EXERCISE BRIEF:
Nothing but the lines below from the first through the one with "doc.units = 0" should appear, printed exactly; please leave pictures out.

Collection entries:
== Segment start ==
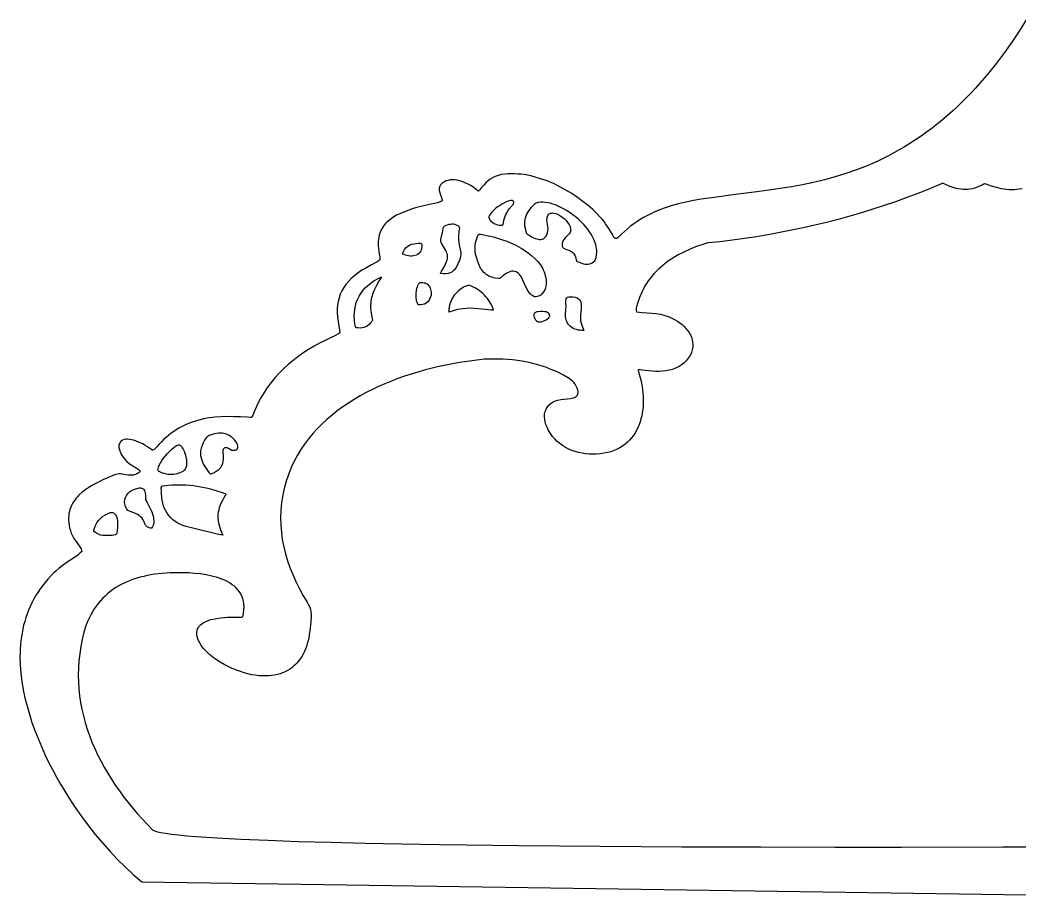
# Model space of a CAD drawing. Extents: x 75 to 4474, y 200 to 3053.
# Drawn here: x 75 to 1167, y 200 to 1156 of the extents above; entities that cross this region are included whole.
import ezdxf

# ---------------------------------------------------------------- set-up
doc = ezdxf.new("R2010")
doc.units = 0
doc.layers.add('LAYER_1', color=18, linetype='CONTINUOUS')

msp = doc.modelspace()

# ---------------------------------------------------------------- linework, layer by layer
at = {"layer": 'LAYER_1'}
for points in [[(1174.1, 1155.9), (1166.4, 1143.7), (1158.4, 1131.8), (1150.2, 1120.2), (1141.6, 1108.7), (1132.7, 1097.6), (1123.4, 1086.7), (1118.7, 1081.4), (1113.8, 1076.2), (1108.8, 1071.1), (1103.8, 1066), (1098.6, 1061), (1093.4, 1056.2), (1088, 1051.4), (1082.5, 1046.7), (1076.9, 1042.2), (1071.2, 1037.7), (1065.3, 1033.4), (1059.4, 1029.1), (1053.3, 1025), (1047.1, 1021), (1041.2, 1017.3), (1035.3, 1013.9), (1029.4, 1010.6), (1023.6, 1007.5), (1017.8, 1004.6), (1012, 1001.8), (1006.2, 999.2), (1000.4, 996.7), (994.6, 994.3), (988.7, 992.1), (977.1, 988), (965.4, 984.5), (953.7, 981.3), (941.8, 978.5), (929.8, 975.9), (917.7, 973.7), (905.3, 971.7), (892.8, 969.8), (880, 968.1), (853.5, 964.7), (836.1, 962.5), (827.5, 961.4), (819, 960.1), (810.7, 958.6), (802.4, 957), (794.3, 955), (786.3, 952.8), (778.5, 950.2), (770.8, 947.3), (767.1, 945.6), (763.3, 943.9), (759.7, 942), (756, 940), (752.4, 937.8), (748.9, 935.5), (745.4, 933.1), (741.9, 930.5), (738.5, 927.8), (735.2, 924.9), (731.9, 921.9), (728.6, 918.6), (727.4, 917.6), (726.4, 917.2), (725.6, 917.2), (724.8, 917.7), (724.1, 918.4), (723.4, 919.4), (722, 921.7), (718, 928.2), (714.7, 933.3), (712.9, 935.8), (710.9, 938.3), (708.5, 941), (705.5, 944.1), (700.7, 948.7), (695.5, 953.3), (689.9, 957.7), (683.9, 962.1), (677.7, 966.2), (671.3, 970.1), (664.6, 973.7), (657.7, 977.1), (650.8, 980), (643.7, 982.5), (636.5, 984.6), (632.9, 985.5), (629.3, 986.2), (625.7, 986.9), (622.1, 987.3), (618.6, 987.6), (615, 987.8), (611.5, 987.8), (608, 987.7), (604.5, 987.4), (601.1, 986.9), (597.3, 985.9), (594, 984.8), (591.2, 983.5), (588.6, 982), (586.2, 980.3), (583.9, 978.1), (581.6, 975.6), (579.2, 972.7), (577, 969.9), (576.3, 969.2), (575.7, 969), (574.9, 969.3), (574, 970), (570.9, 972.5), (567.3, 974.9), (563.2, 977.1), (561, 978.1), (558.8, 979), (556.5, 979.8), (554.2, 980.5), (551.9, 980.9), (549.5, 981.2), (547.2, 981.3), (545, 981.1), (542.8, 980.7), (540.6, 980.1), (538.5, 979.1), (536.6, 977.8), (535.3, 976.8), (534.3, 975.7), (533.6, 974.5), (533.2, 973.4), (532.9, 972.2), (532.9, 971), (533, 969.8), (533.2, 968.6), (533.9, 966.1), (534.8, 963.6), (535.7, 961), (536.2, 958.4), (534.1, 957.3), (531.1, 956.3), (527.6, 955.4), (523.8, 954.5), (516, 952.8), (509.7, 951.3), (504.6, 949.8), (499.7, 948.2), (495, 946.4), (490.5, 944.5), (486.3, 942.5), (482.4, 940.2), (478.9, 937.7), (475.7, 935), (474.3, 933.5), (472.9, 931.9), (471.7, 930.3), (470.6, 928.6), (469.6, 926.8), (468.7, 924.9), (468, 922.9), (467.3, 920.9), (466.9, 918.7), (466.5, 916.4), (466.3, 914.1), (466.2, 911.6), (466.3, 909), (466.5, 906.3), (466.9, 903.5), (467.4, 900.5), (468, 897.1), (468.2, 895.1), (468.2, 894.3), (468.1, 893.8), (467.2, 893.1), (465.2, 891.8), (459.1, 888.4), (452.6, 884.9), (448.4, 882.6), (444.2, 879.6), (440.3, 876.5), (436.8, 873.4), (433.7, 870.2), (431, 866.9), (428.6, 863.5), (426.5, 859.9), (424.8, 856.3), (423.5, 852.5), (422.5, 848.5), (421.8, 844.5), (421.4, 840.2), (421.4, 835.8), (421.7, 831.2), (422.4, 826.4), (423.3, 821.5), (424.1, 817.8), (424.5, 814.1), (422.3, 812.6), (419.7, 811.3), (414.1, 808.5), (408.3, 805.8), (402.9, 803.2), (396.4, 799.5), (390.1, 795.8), (384.1, 791.9), (378.4, 787.9), (373, 783.7), (367.8, 779.4), (362.8, 774.8), (358.1, 770.1), (353.6, 765.2), (349.4, 760), (345.4, 754.6), (341.7, 749), (338.1, 743), (334.8, 736.8), (331.8, 730.3), (328.9, 723.4), (328.5, 722.5), (328, 722), (327.5, 721.6), (326.9, 721.5), (323.1, 721.9), (315.8, 722.3), (308.7, 722.5), (301.7, 722.6), (294.9, 722.3), (288.2, 721.9), (281.7, 721.1), (275.3, 720), (269.1, 718.5), (263, 716.6), (257.1, 714.3), (254.2, 713), (251.3, 711.6), (248.5, 710), (245.7, 708.3), (242.9, 706.5), (240.2, 704.5), (237.5, 702.4), (234.9, 700.2), (232.2, 697.8), (229.7, 695.2), (227.1, 692.5), (224.6, 689.7), (222.8, 687.7), (221.4, 686.6), (220.8, 686.3), (220.2, 686.1), (219.6, 686.1), (219.1, 686.3), (217.8, 687), (216.3, 688.1), (214.4, 689.5), (211.8, 691.2), (209, 692.7), (205.3, 694.4), (201.2, 696), (199, 696.7), (196.8, 697.3), (194.6, 697.6), (192.5, 697.8), (190.5, 697.8), (188.7, 697.5), (187, 696.9), (185.6, 696), (184.4, 694.7), (183.5, 693), (183.1, 691.6), (183, 690), (183.1, 688.4), (183.5, 686.7), (184, 685), (184.7, 683.3), (185.6, 681.5), (186.6, 679.8), (189, 676.6), (191.6, 673.6), (194.3, 671.2), (195.7, 670.2), (197, 669.4), (202, 666.7), (203.1, 666), (204.1, 665.1), (205.1, 664), (206.1, 662.7), (205, 661.6), (203.9, 660.7), (202.7, 660), (201.5, 659.4), (200.1, 659), (198.8, 658.7), (196, 658.5), (193.1, 658.7), (190.3, 659.1), (184.8, 660), (183.3, 660.1), (181.6, 659.8), (179.6, 659.3), (177.6, 658.6), (170.6, 655.7), (165.5, 653.5), (160.6, 651.1), (155.8, 648.6), (151.2, 646), (147, 643.1), (143, 640.1), (139.4, 636.8), (137.8, 635.1), (136.3, 633.4), (134.8, 631.5), (133.5, 629.6), (132.3, 627.6), (131.3, 625.6), (130.4, 623.5), (129.6, 621.3), (129, 619.1), (128.5, 616.8), (128.2, 614.3), (128.1, 611.9), (128.1, 609.3), (128.3, 606.6), (128.7, 603.9), (129.2, 601.1), (130, 598.2), (131, 595.2), (132.4, 592.2), (133.9, 589.6), (137.2, 585), (138.9, 582.7), (140.4, 580.5), (141.7, 578), (142.7, 575.3), (140.5, 573.3), (138, 571.3), (132.3, 567.4), (126.4, 563.5), (121, 559.7), (117.7, 557), (114.6, 554.3), (111.6, 551.5), (108.6, 548.5), (105.4, 545), (102.4, 541.5), (99.5, 537.9), (96.9, 534.3), (94.4, 530.5), (92, 526.8), (89.8, 522.9), (87.8, 519), (86, 515.1), (84.3, 511.1), (82.7, 507.1), (81.3, 503), (80.1, 498.8), (79, 494.7), (78, 490.5), (77.2, 486.2), (76.5, 482), (76, 477.6), (75.5, 473.3), (75.2, 468.9), (75.1, 464.6), (75, 460.1), (75.2, 451.3), (75.9, 442.3), (77, 433.3), (78.6, 424.3), (80.4, 415.3), (82.7, 406.3), (85.3, 397.4), (88.1, 388.4), (91.3, 379.6), (94.7, 370.8), (98.4, 362.2), (102.2, 353.6), (106.3, 345.2), (110.5, 337), (114.8, 328.9), (119.3, 321.1), (123.9, 313.4), (128.5, 306), (133.2, 298.8), (137.9, 291.9), (142.6, 285.3), (149.7, 275.7), (157.2, 266.2), (165, 256.9), (173.1, 247.8), (181.5, 238.9), (190.1, 230.4), (199, 222.1), (208.2, 214.3), (1200, 200)], [(1169.5, 971.4), (1166.5, 971), (1163.6, 970.6), (1160.8, 970.5), (1158, 970.4), (1155.3, 970.5), (1152.6, 970.7), (1149.9, 971), (1147.2, 971.4), (1141.7, 972.7), (1136.1, 974.4), (1130.2, 976.5), (1128.9, 977), (1128.6, 977.1), (1128.3, 977), (1127.6, 976.6), (1126, 975.6), (1123.2, 974.3), (1120.5, 973.2), (1117.8, 972.3), (1115.2, 971.6), (1112.6, 971.1), (1110.1, 970.8), (1107.6, 970.7), (1105.2, 970.8), (1102.7, 971), (1100.2, 971.4), (1097.7, 971.9), (1095.2, 972.6), (1090, 974.5), (1084.6, 976.9), (1083.2, 977.4), (1082.8, 977.5), (1082.3, 977.4), (1079.6, 976.1), (1067.7, 971.2), (1055.7, 966.4), (1043.6, 961.8), (1031.3, 957.4), (1019, 953.2), (1006.5, 949.1), (994, 945.3), (981.4, 941.6), (968.8, 938.1), (956.1, 934.8), (943.3, 931.7), (930.6, 928.8), (917.8, 926.1), (905.1, 923.6), (892.3, 921.2), (879.6, 919), (866.4, 917), (853.1, 915.2), (839.8, 913.7), (826.4, 912.5), (819.6, 910.3), (812.9, 907.9), (806.4, 905.3), (800, 902.4), (793.9, 899.2), (788.1, 895.7), (782.4, 891.9), (777.1, 887.8), (772.2, 883.4), (769.8, 881.1), (767.5, 878.7), (765.3, 876.2), (763.3, 873.6), (761.3, 870.9), (759.4, 868.1), (757.6, 865.3), (756, 862.3), (754.4, 859.2), (753, 856.1), (751.7, 852.8), (750.5, 849.5), (749.4, 846), (748.5, 842.4), (748.2, 841), (748.1, 839.7), (748.2, 838.5), (748.5, 837.1), (754.6, 836.5), (760.1, 836.1), (765.1, 835.7), (769.9, 835.3), (774.6, 834.5), (777.1, 833.9), (779.5, 833.2), (782.1, 832.3), (784.8, 831.2), (787.7, 829.9), (790.7, 828.4), (793.3, 826.8), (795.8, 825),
== Segment end ==
YOUR SOLUTION:
# Model space of a CAD drawing. Extents: x 75 to 4474, y 200 to 3053.
# Drawn here: x 75 to 1167, y 200 to 1156 of the extents above; entities that cross this region are included whole.
import ezdxf

# ---------------------------------------------------------------- set-up
doc = ezdxf.new("R2010")
doc.units = 0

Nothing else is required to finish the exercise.